▸ EXERCISE DIRECTIONS: Except for the pictures, output the records in full and exactly.

▸ SOURCE DATA:
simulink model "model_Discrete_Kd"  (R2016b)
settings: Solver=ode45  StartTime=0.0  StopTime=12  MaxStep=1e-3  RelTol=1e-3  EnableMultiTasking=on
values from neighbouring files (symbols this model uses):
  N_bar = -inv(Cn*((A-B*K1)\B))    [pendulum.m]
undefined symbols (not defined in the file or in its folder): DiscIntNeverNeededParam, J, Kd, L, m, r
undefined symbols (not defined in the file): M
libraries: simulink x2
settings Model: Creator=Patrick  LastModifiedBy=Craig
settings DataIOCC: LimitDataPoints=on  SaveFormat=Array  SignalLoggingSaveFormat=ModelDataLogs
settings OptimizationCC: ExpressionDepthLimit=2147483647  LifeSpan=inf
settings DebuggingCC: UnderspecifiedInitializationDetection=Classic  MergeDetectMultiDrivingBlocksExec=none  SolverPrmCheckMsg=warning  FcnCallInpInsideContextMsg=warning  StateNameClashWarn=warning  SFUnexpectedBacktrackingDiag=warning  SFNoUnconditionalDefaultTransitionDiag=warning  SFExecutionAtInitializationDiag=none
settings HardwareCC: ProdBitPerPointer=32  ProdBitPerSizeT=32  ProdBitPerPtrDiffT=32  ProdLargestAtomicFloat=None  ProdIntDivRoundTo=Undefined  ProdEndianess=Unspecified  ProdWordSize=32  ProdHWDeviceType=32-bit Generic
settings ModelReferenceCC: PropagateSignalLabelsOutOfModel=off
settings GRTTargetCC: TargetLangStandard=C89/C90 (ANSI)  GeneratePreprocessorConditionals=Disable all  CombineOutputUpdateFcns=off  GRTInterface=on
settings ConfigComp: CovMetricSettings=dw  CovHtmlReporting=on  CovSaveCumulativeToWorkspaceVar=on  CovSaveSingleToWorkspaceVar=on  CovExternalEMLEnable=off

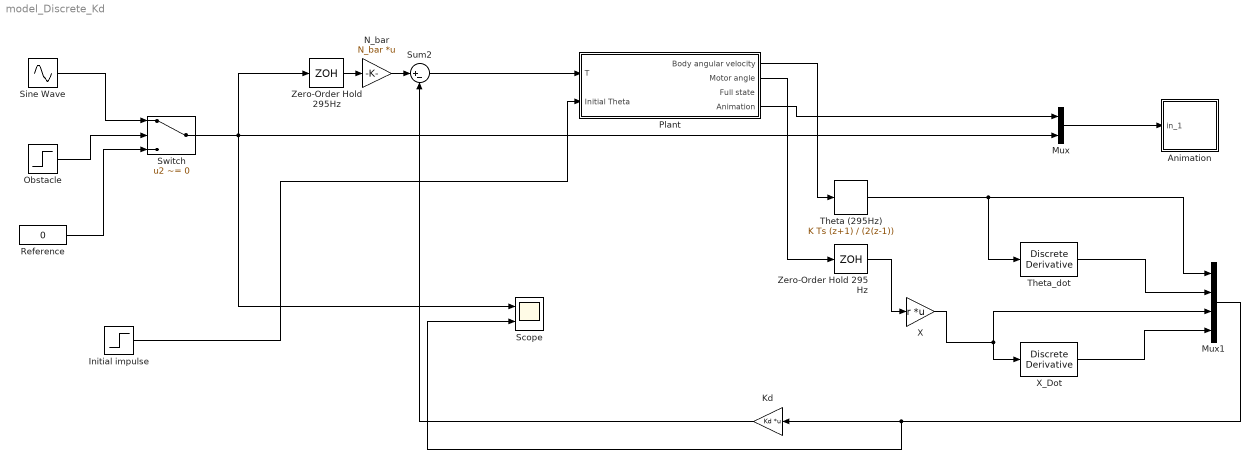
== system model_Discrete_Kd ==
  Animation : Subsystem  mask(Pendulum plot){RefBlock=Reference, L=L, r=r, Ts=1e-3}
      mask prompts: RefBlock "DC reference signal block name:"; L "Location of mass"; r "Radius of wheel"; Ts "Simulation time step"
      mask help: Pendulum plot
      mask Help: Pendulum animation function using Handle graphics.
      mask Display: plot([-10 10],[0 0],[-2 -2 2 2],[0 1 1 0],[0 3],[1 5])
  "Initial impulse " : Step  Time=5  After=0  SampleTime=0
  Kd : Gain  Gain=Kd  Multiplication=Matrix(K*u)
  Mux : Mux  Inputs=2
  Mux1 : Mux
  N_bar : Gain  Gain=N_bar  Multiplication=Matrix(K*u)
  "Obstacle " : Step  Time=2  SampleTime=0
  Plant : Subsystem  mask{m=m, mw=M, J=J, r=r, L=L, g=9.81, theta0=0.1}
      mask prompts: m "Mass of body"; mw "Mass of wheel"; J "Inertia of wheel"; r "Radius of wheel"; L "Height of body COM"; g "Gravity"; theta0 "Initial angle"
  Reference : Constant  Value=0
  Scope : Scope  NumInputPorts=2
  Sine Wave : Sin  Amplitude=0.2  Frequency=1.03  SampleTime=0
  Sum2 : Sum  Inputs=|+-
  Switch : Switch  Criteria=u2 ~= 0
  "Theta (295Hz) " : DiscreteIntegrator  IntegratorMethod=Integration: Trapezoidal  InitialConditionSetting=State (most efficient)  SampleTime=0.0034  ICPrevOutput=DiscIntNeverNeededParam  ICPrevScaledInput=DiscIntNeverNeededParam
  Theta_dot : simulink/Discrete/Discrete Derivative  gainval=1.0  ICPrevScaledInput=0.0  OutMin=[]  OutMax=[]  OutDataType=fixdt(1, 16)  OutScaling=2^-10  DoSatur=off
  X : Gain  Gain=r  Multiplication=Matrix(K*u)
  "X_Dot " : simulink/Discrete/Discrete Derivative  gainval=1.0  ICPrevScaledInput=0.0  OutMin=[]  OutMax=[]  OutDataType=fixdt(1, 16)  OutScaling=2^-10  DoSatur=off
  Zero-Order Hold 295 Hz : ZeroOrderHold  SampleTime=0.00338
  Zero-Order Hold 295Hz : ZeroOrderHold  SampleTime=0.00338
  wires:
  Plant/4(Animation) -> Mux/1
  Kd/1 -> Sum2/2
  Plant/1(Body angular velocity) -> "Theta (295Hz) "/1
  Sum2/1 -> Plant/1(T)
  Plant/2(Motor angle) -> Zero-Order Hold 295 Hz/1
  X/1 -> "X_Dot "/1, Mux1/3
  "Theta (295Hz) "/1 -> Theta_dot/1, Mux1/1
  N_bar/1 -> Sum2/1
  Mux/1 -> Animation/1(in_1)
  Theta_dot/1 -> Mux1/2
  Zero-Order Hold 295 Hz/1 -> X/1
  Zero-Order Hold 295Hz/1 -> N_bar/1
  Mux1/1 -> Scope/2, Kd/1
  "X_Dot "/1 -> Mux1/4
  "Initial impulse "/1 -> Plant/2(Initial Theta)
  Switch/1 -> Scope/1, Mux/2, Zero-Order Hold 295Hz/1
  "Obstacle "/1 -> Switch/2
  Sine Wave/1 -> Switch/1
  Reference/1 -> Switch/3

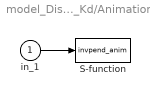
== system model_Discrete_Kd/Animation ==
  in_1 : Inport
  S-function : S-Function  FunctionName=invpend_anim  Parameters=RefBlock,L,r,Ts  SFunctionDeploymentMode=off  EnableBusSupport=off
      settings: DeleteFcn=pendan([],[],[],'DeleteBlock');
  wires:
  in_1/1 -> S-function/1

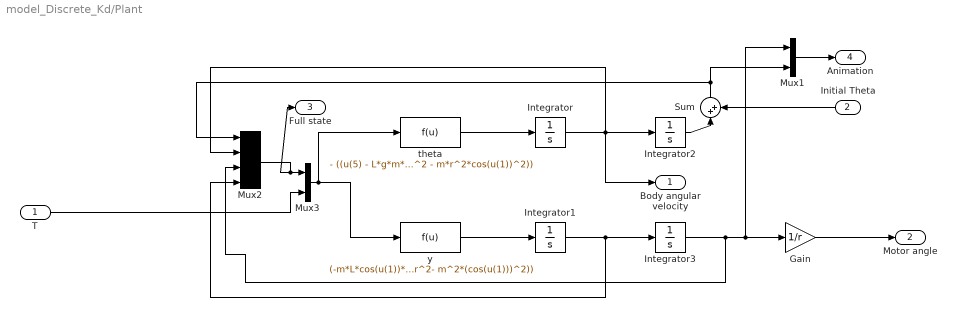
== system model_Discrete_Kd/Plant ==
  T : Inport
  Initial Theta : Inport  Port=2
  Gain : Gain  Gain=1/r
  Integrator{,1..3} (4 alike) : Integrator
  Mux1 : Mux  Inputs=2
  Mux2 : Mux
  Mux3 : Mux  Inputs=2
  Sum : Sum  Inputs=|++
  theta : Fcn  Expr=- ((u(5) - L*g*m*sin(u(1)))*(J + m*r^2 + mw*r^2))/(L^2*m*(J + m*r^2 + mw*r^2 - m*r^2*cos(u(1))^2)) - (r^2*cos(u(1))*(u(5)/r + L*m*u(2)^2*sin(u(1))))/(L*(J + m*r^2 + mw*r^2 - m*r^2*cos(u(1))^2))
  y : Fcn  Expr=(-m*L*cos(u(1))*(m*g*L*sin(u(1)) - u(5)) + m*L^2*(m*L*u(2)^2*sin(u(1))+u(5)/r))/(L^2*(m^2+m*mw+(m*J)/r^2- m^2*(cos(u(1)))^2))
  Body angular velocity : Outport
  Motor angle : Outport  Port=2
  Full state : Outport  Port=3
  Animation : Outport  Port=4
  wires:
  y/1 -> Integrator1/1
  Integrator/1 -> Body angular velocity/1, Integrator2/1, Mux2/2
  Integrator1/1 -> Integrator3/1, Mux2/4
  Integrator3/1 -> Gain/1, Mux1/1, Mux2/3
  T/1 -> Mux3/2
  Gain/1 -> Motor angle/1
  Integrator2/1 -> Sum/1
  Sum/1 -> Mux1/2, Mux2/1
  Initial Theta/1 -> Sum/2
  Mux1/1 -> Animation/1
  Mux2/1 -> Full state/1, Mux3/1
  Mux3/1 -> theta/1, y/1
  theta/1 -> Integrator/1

▸ RESULT FOR THIS TASK:
simulink model "model_Discrete_Kd"  (R2016b)
settings: Solver=ode45  StartTime=0.0  StopTime=12  MaxStep=1e-3  RelTol=1e-3  EnableMultiTasking=on
values from neighbouring files (symbols this model uses):
  N_bar = -inv(Cn*((A-B*K1)\B))    [pendulum.m]
undefined symbols (not defined in the file or in its folder): DiscIntNeverNeededParam, J, Kd, L, m, r
undefined symbols (not defined in the file): M
libraries: simulink x2
settings Model: Creator=Patrick  LastModifiedBy=Craig
settings DataIOCC: LimitDataPoints=on  SaveFormat=Array  SignalLoggingSaveFormat=ModelDataLogs
settings OptimizationCC: ExpressionDepthLimit=2147483647  LifeSpan=inf
settings DebuggingCC: UnderspecifiedInitializationDetection=Classic  MergeDetectMultiDrivingBlocksExec=none  SolverPrmCheckMsg=warning  FcnCallInpInsideContextMsg=warning  StateNameClashWarn=warning  SFUnexpectedBacktrackingDiag=warning  SFNoUnconditionalDefaultTransitionDiag=warning  SFExecutionAtInitializationDiag=none
settings HardwareCC: ProdBitPerPointer=32  ProdBitPerSizeT=32  ProdBitPerPtrDiffT=32  ProdLargestAtomicFloat=None  ProdIntDivRoundTo=Undefined  ProdEndianess=Unspecified  ProdWordSize=32  ProdHWDeviceType=32-bit Generic
settings ModelReferenceCC: PropagateSignalLabelsOutOfModel=off
settings GRTTargetCC: TargetLangStandard=C89/C90 (ANSI)  GeneratePreprocessorConditionals=Disable all  CombineOutputUpdateFcns=off  GRTInterface=on
settings ConfigComp: CovMetricSettings=dw  CovHtmlReporting=on  CovSaveCumulativeToWorkspaceVar=on  CovSaveSingleToWorkspaceVar=on  CovExternalEMLEnable=off

== system model_Discrete_Kd ==
  Animation : Subsystem  mask(Pendulum plot){RefBlock=Reference, L=L, r=r, Ts=1e-3}
      mask prompts: RefBlock "DC reference signal block name:"; L "Location of mass"; r "Radius of wheel"; Ts "Simulation time step"
      mask help: Pendulum plot
      mask Help: Pendulum animation function using Handle graphics.
      mask Display: plot([-10 10],[0 0],[-2 -2 2 2],[0 1 1 0],[0 3],[1 5])
  "Initial impulse " : Step  Time=5  After=0  SampleTime=0
  Kd : Gain  Gain=Kd  Multiplication=Matrix(K*u)
  Mux : Mux  Inputs=2
  Mux1 : Mux
  N_bar : Gain  Gain=N_bar  Multiplication=Matrix(K*u)
  "Obstacle " : Step  Time=2  SampleTime=0
  Plant : Subsystem  mask{m=m, mw=M, J=J, r=r, L=L, g=9.81, theta0=0.1}
      mask prompts: m "Mass of body"; mw "Mass of wheel"; J "Inertia of wheel"; r "Radius of wheel"; L "Height of body COM"; g "Gravity"; theta0 "Initial angle"
  Reference : Constant  Value=0
  Scope : Scope  NumInputPorts=2
  Sine Wave : Sin  Amplitude=0.2  Frequency=1.03  SampleTime=0
  Sum2 : Sum  Inputs=|+-
  Switch : Switch  Criteria=u2 ~= 0
  "Theta (295Hz) " : DiscreteIntegrator  IntegratorMethod=Integration: Trapezoidal  InitialConditionSetting=State (most efficient)  SampleTime=0.0034  ICPrevOutput=DiscIntNeverNeededParam  ICPrevScaledInput=DiscIntNeverNeededParam
  Theta_dot : simulink/Discrete/Discrete Derivative  gainval=1.0  ICPrevScaledInput=0.0  OutMin=[]  OutMax=[]  OutDataType=fixdt(1, 16)  OutScaling=2^-10  DoSatur=off
  X : Gain  Gain=r  Multiplication=Matrix(K*u)
  "X_Dot " : simulink/Discrete/Discrete Derivative  gainval=1.0  ICPrevScaledInput=0.0  OutMin=[]  OutMax=[]  OutDataType=fixdt(1, 16)  OutScaling=2^-10  DoSatur=off
  Zero-Order Hold 295 Hz : ZeroOrderHold  SampleTime=0.00338
  Zero-Order Hold 295Hz : ZeroOrderHold  SampleTime=0.00338
  wires:
  Plant/4(Animation) -> Mux/1
  Kd/1 -> Sum2/2
  Plant/1(Body angular velocity) -> "Theta (295Hz) "/1
  Sum2/1 -> Plant/1(T)
  Plant/2(Motor angle) -> Zero-Order Hold 295 Hz/1
  X/1 -> "X_Dot "/1, Mux1/3
  "Theta (295Hz) "/1 -> Theta_dot/1, Mux1/1
  N_bar/1 -> Sum2/1
  Mux/1 -> Animation/1(in_1)
  Theta_dot/1 -> Mux1/2
  Zero-Order Hold 295 Hz/1 -> X/1
  Zero-Order Hold 295Hz/1 -> N_bar/1
  Mux1/1 -> Scope/2, Kd/1
  "X_Dot "/1 -> Mux1/4
  "Initial impulse "/1 -> Plant/2(Initial Theta)
  Switch/1 -> Scope/1, Mux/2, Zero-Order Hold 295Hz/1
  "Obstacle "/1 -> Switch/2
  Sine Wave/1 -> Switch/1
  Reference/1 -> Switch/3

== system model_Discrete_Kd/Animation ==
  in_1 : Inport
  S-function : S-Function  FunctionName=invpend_anim  Parameters=RefBlock,L,r,Ts  SFunctionDeploymentMode=off  EnableBusSupport=off
      settings: DeleteFcn=pendan([],[],[],'DeleteBlock');
  wires:
  in_1/1 -> S-function/1

== system model_Discrete_Kd/Plant ==
  T : Inport
  Initial Theta : Inport  Port=2
  Gain : Gain  Gain=1/r
  Integrator{,1..3} (4 alike) : Integrator
  Mux1 : Mux  Inputs=2
  Mux2 : Mux
  Mux3 : Mux  Inputs=2
  Sum : Sum  Inputs=|++
  theta : Fcn  Expr=- ((u(5) - L*g*m*sin(u(1)))*(J + m*r^2 + mw*r^2))/(L^2*m*(J + m*r^2 + mw*r^2 - m*r^2*cos(u(1))^2)) - (r^2*cos(u(1))*(u(5)/r + L*m*u(2)^2*sin(u(1))))/(L*(J + m*r^2 + mw*r^2 - m*r^2*cos(u(1))^2))
  y : Fcn  Expr=(-m*L*cos(u(1))*(m*g*L*sin(u(1)) - u(5)) + m*L^2*(m*L*u(2)^2*sin(u(1))+u(5)/r))/(L^2*(m^2+m*mw+(m*J)/r^2- m^2*(cos(u(1)))^2))
  Body angular velocity : Outport
  Motor angle : Outport  Port=2
  Full state : Outport  Port=3
  Animation : Outport  Port=4
  wires:
  y/1 -> Integrator1/1
  Integrator/1 -> Body angular velocity/1, Integrator2/1, Mux2/2
  Integrator1/1 -> Integrator3/1, Mux2/4
  Integrator3/1 -> Gain/1, Mux1/1, Mux2/3
  T/1 -> Mux3/2
  Gain/1 -> Motor angle/1
  Integrator2/1 -> Sum/1
  Sum/1 -> Mux1/2, Mux2/1
  Initial Theta/1 -> Sum/2
  Mux1/1 -> Animation/1
  Mux2/1 -> Full state/1, Mux3/1
  Mux3/1 -> theta/1, y/1
  theta/1 -> Integrator/1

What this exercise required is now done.